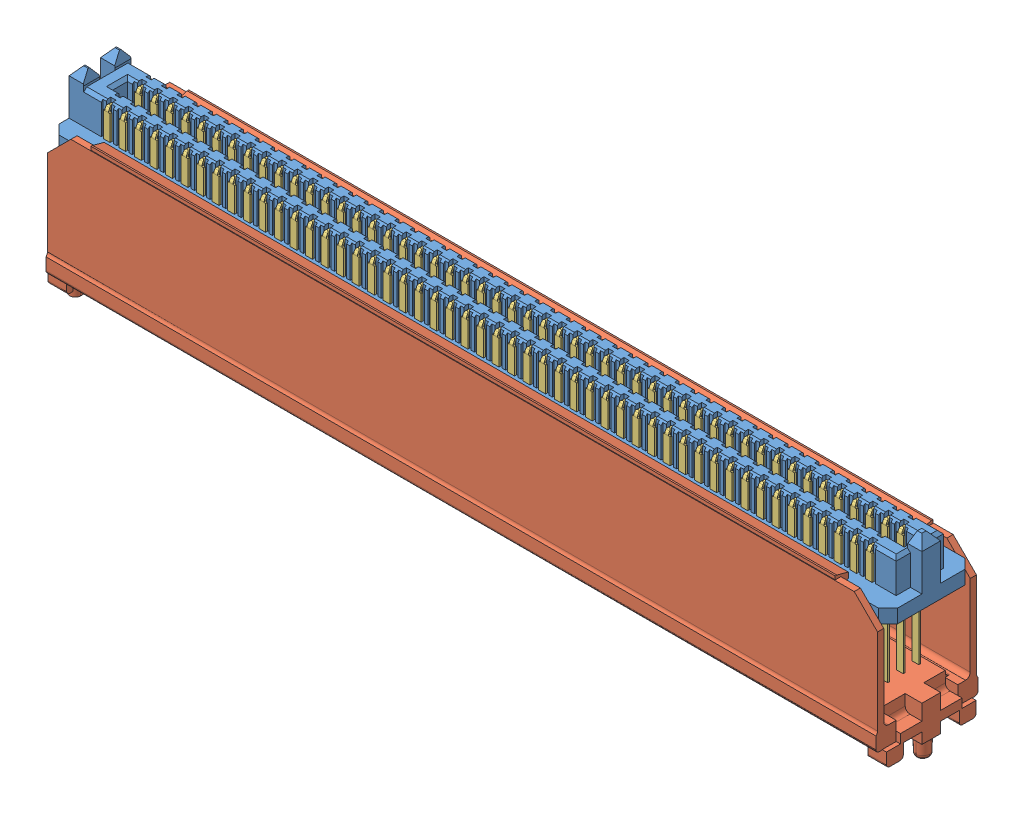
SolidWorks assembly SEAM_50_11_0_L_04_2_A_K_TR, configuration Default. Lengths in mm.
Overall size (68.48 15.88 8.33).
5 component instances, 5 part files, 0 mates.
Components (placement in the parent):
- _SEAM_50_11_0_L_04_1_A_K_TR_body_2-1: _SEAM_50_11_0_L_04_1_A_K_TR_body_2 [Default] at origin size (68.48 6.35 7.06)
- _SEAM_50_11_0_L_04_1_A_K_TR_spacer_4-1: _SEAM_50_11_0_L_04_1_A_K_TR_spacer_4 [Default] at origin size (68.48 13.13 8.33)
- _SEAM_50_11_0_L_04_1_A_K_TR_conn_6-1: _SEAM_50_11_0_L_04_1_A_K_TR_conn_6 [Default] at origin size (67.97 13.3 6.55)
- _SEAM_K_Pad_04_8-1: _SEAM_K_Pad_04_8 [Default] at (0 2.6924 0) size (5.99 0.13 5.99) (hidden)
- _SEAM_Triangle_10-1: _SEAM_Triangle_10 [Default] at (32.2834 1.2954 -1.6764) x (-1 0 0) z (0 0 -1) size (1.02 1.27 0.13)
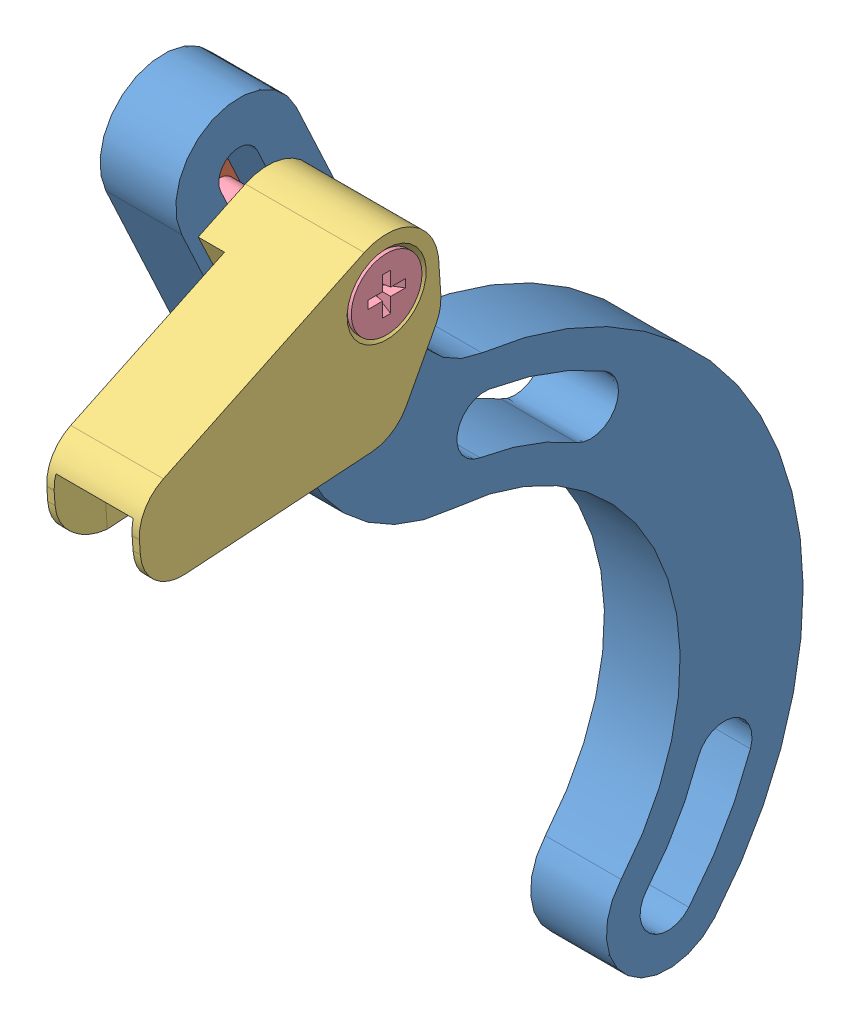
SolidWorks assembly chainguide, configuration Default. Lengths in mm.
Overall size (25 115.13 93.94).
4 component instances, 4 part files, 6 mates.
Components (placement in the parent):
- chainguide_Bottom-1: chainguide_Bottom [Default] at origin size (9 115.13 74.51)
- m4_nut-1: m4_nut [Default] at (1.69 69.2543 19.7906) x (0 -0.906308 -0.422618) z (0 -0.422618 0.906308) size (10.76 3.36 9.32)
- guide-2: guide [Default] at (12.12 69.2543 19.7906) x (1 0 0) z (0 -0.067056 0.997749) size (14.12 21.4 36.2)
- flat head screw_am-3: flat head screw_am [B18.6.7M - M4 x 0.7 x 25 Type I Cross Recessed FHMS --25N] at (23.12 69.2543 19.7906) x (-1 0 0) z (0 0 -1) size (25 8.4 8.4)
Mates (geometry in assembly coordinates):
- Coincident1: coincident anti-aligned: plane of chainguide_Bottom-1 through (3.25 0 0) normal (-1 0 0); plane of m4_nut-1 through (3.25 69.2543 19.7906) normal (1 0 0)
- Parallel1: parallel: line of chainguide_Bottom-1 through (3.25 64.8228 12.4831) axis (0 0.906308 0.422618); plane of m4_nut-1 through (3.25 68.7853 14.4302) normal (0 0.422618 -0.906308)
- Slot1: slot aligned: cylinder of m4_nut-1 through (0.13 69.2543 19.7906) axis (-1 0 0) radius 1.65; plane of chainguide_Bottom-1 through (9 5.8033 -12.4452) normal (0 -0.422618 0.906308); cylinder of chainguide_Bottom-1 through (9 76.5912 23.2119) axis (-1 0 0) radius 2.4
- Concentric1: concentric aligned: circle of m4_nut-1; circle of guide-2
- Coincident2: coincident anti-aligned: plane of chainguide_Bottom-1 through (9 0 0) normal (1 0 0); plane of guide-2 through (9 69.2543 19.7906) normal (-1 0 0)
- Coincident3: coincident aligned: cone of guide-2 through (23.12 69.2543 19.7906) axis (-1 0 0); cone of flat head screw_am-3 through (22.62 69.2543 19.7906) axis (-1 0 0)
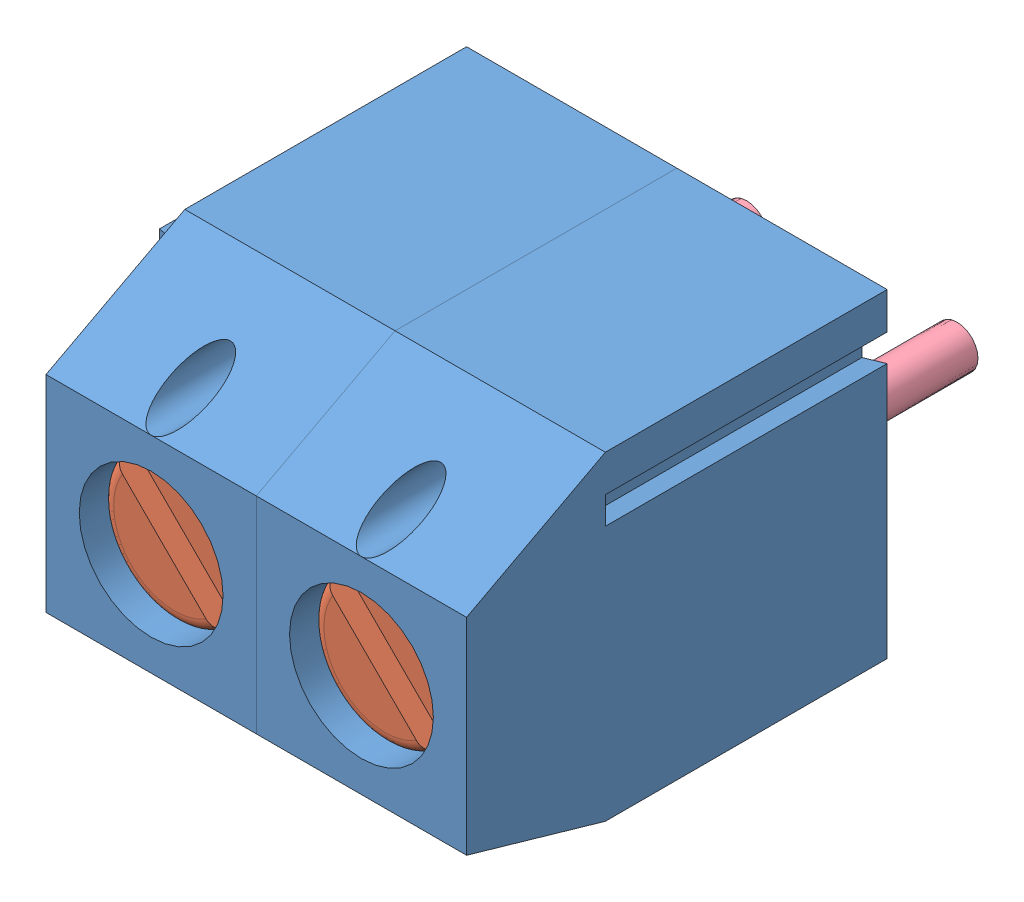
SolidWorks assembly User Library-DG301-5.0-2P12, configuration Default. Lengths in mm.
Overall size (10.6 7.6 14.16).
8 component instances, 4 part files, 6 mates.
Components (placement in the parent):
- User Library-DG301-5.0-2P12_DG301-5.0-1: User Library-DG301-5.0-2P12_DG301-5.0 [Default] at origin size (5.6 7.6 10)
- User Library-DG301-5.0-2P12_DG301-5.0-Sruba-1: User Library-DG301-5.0-2P12_DG301-5.0-Sruba [Default] at (0 0 8) x (-0.707107 -0.707107 0) z (0 0 1) size (3.5 3.5 6.06)
- User Library-DG301-5.0-2P12_DG301-5.0-Blaszka-1: User Library-DG301-5.0-2P12_DG301-5.0-Blaszka [Default] at (0 -0.32 5.57) x (0 1 0) z (0 0 1) size (5.38 3.85 2.68)
- User Library-DG301-5.0-2P12_DG301-5.0-PIN-1: User Library-DG301-5.0-2P12_DG301-5.0-PIN [Default] at (0 -0.3 0.84) size (4 4 9.73)
- User Library-DG301-5.0-2P12_DG301-5.0-2: User Library-DG301-5.0-2P12_DG301-5.0 [Default] at (5 0 0) size (5.6 7.6 10)
- User Library-DG301-5.0-2P12_DG301-5.0-Sruba-2: User Library-DG301-5.0-2P12_DG301-5.0-Sruba [Default] at (5 0 8) x (-0.707107 -0.707107 0) z (0 0 1) size (3.5 3.5 6.06)
- User Library-DG301-5.0-2P12_DG301-5.0-Blaszka-2: User Library-DG301-5.0-2P12_DG301-5.0-Blaszka [Default] at (5 -0.32 5.57) x (0 1 0) z (0 0 1) size (5.38 3.85 2.68)
- User Library-DG301-5.0-2P12_DG301-5.0-PIN-2: User Library-DG301-5.0-2P12_DG301-5.0-PIN [Default] at (5 -0.3 0.84) size (4 4 9.73)
Mates (geometry in assembly coordinates):
- Расстояние1: distance = 1.1 mm: plane of User Library-DG301-5.0-2P12_DG301-5.0-PIN-1 through (-2 -2.3 0.84) normal (0 -1 0); plane of User Library-DG301-5.0-2P12_DG301-5.0-1 through (0 -3.4 6.7) normal (0 -1 0)
- Расстояние3: distance = 0 mm: plane of User Library-DG301-5.0-2P12_DG301-5.0-2 through (5 -3.4 6.7) normal (0 -1 0); plane of User Library-DG301-5.0-2P12_DG301-5.0-1 through (0 -3.4 6.7) normal (0 -1 0)
- Расстояние4: distance = 0 mm: plane of User Library-DG301-5.0-2P12_DG301-5.0-2 through (5 0 0) normal (0 0 -1); plane of User Library-DG301-5.0-2P12_DG301-5.0-1 through (0 0 0) normal (0 0 -1)
- Расстояние5: distance = 1.1 mm: plane of User Library-DG301-5.0-2P12_DG301-5.0-PIN-2 through (3 -2.3 0.84) normal (0 -1 0); plane of User Library-DG301-5.0-2P12_DG301-5.0-2 through (5 -3.4 6.7) normal (0 -1 0)
- Совпадение4: coincident: line of User Library-DG301-5.0-2P12_DG301-5.0-Blaszka-1 through (-1 -2.3 5.47) axis (0 0 -1); plane of User Library-DG301-5.0-2P12_DG301-5.0-PIN-1 through (-2 -2.3 0.84) normal (0 -1 0)
- Совпадение5: coincident: line of User Library-DG301-5.0-2P12_DG301-5.0-Blaszka-2 through (4 -2.3 5.47) axis (0 0 -1); plane of User Library-DG301-5.0-2P12_DG301-5.0-PIN-2 through (3 -2.3 0.84) normal (0 -1 0)
---*---
**Required work**
Please filter the entries above down to the lines holding "files" and copy them.

**Solved problem**
5 component instances, 5 part files, 0 mates.
4 component instances, 4 part files, 6 mates.
8 component instances, 4 part files, 6 mates.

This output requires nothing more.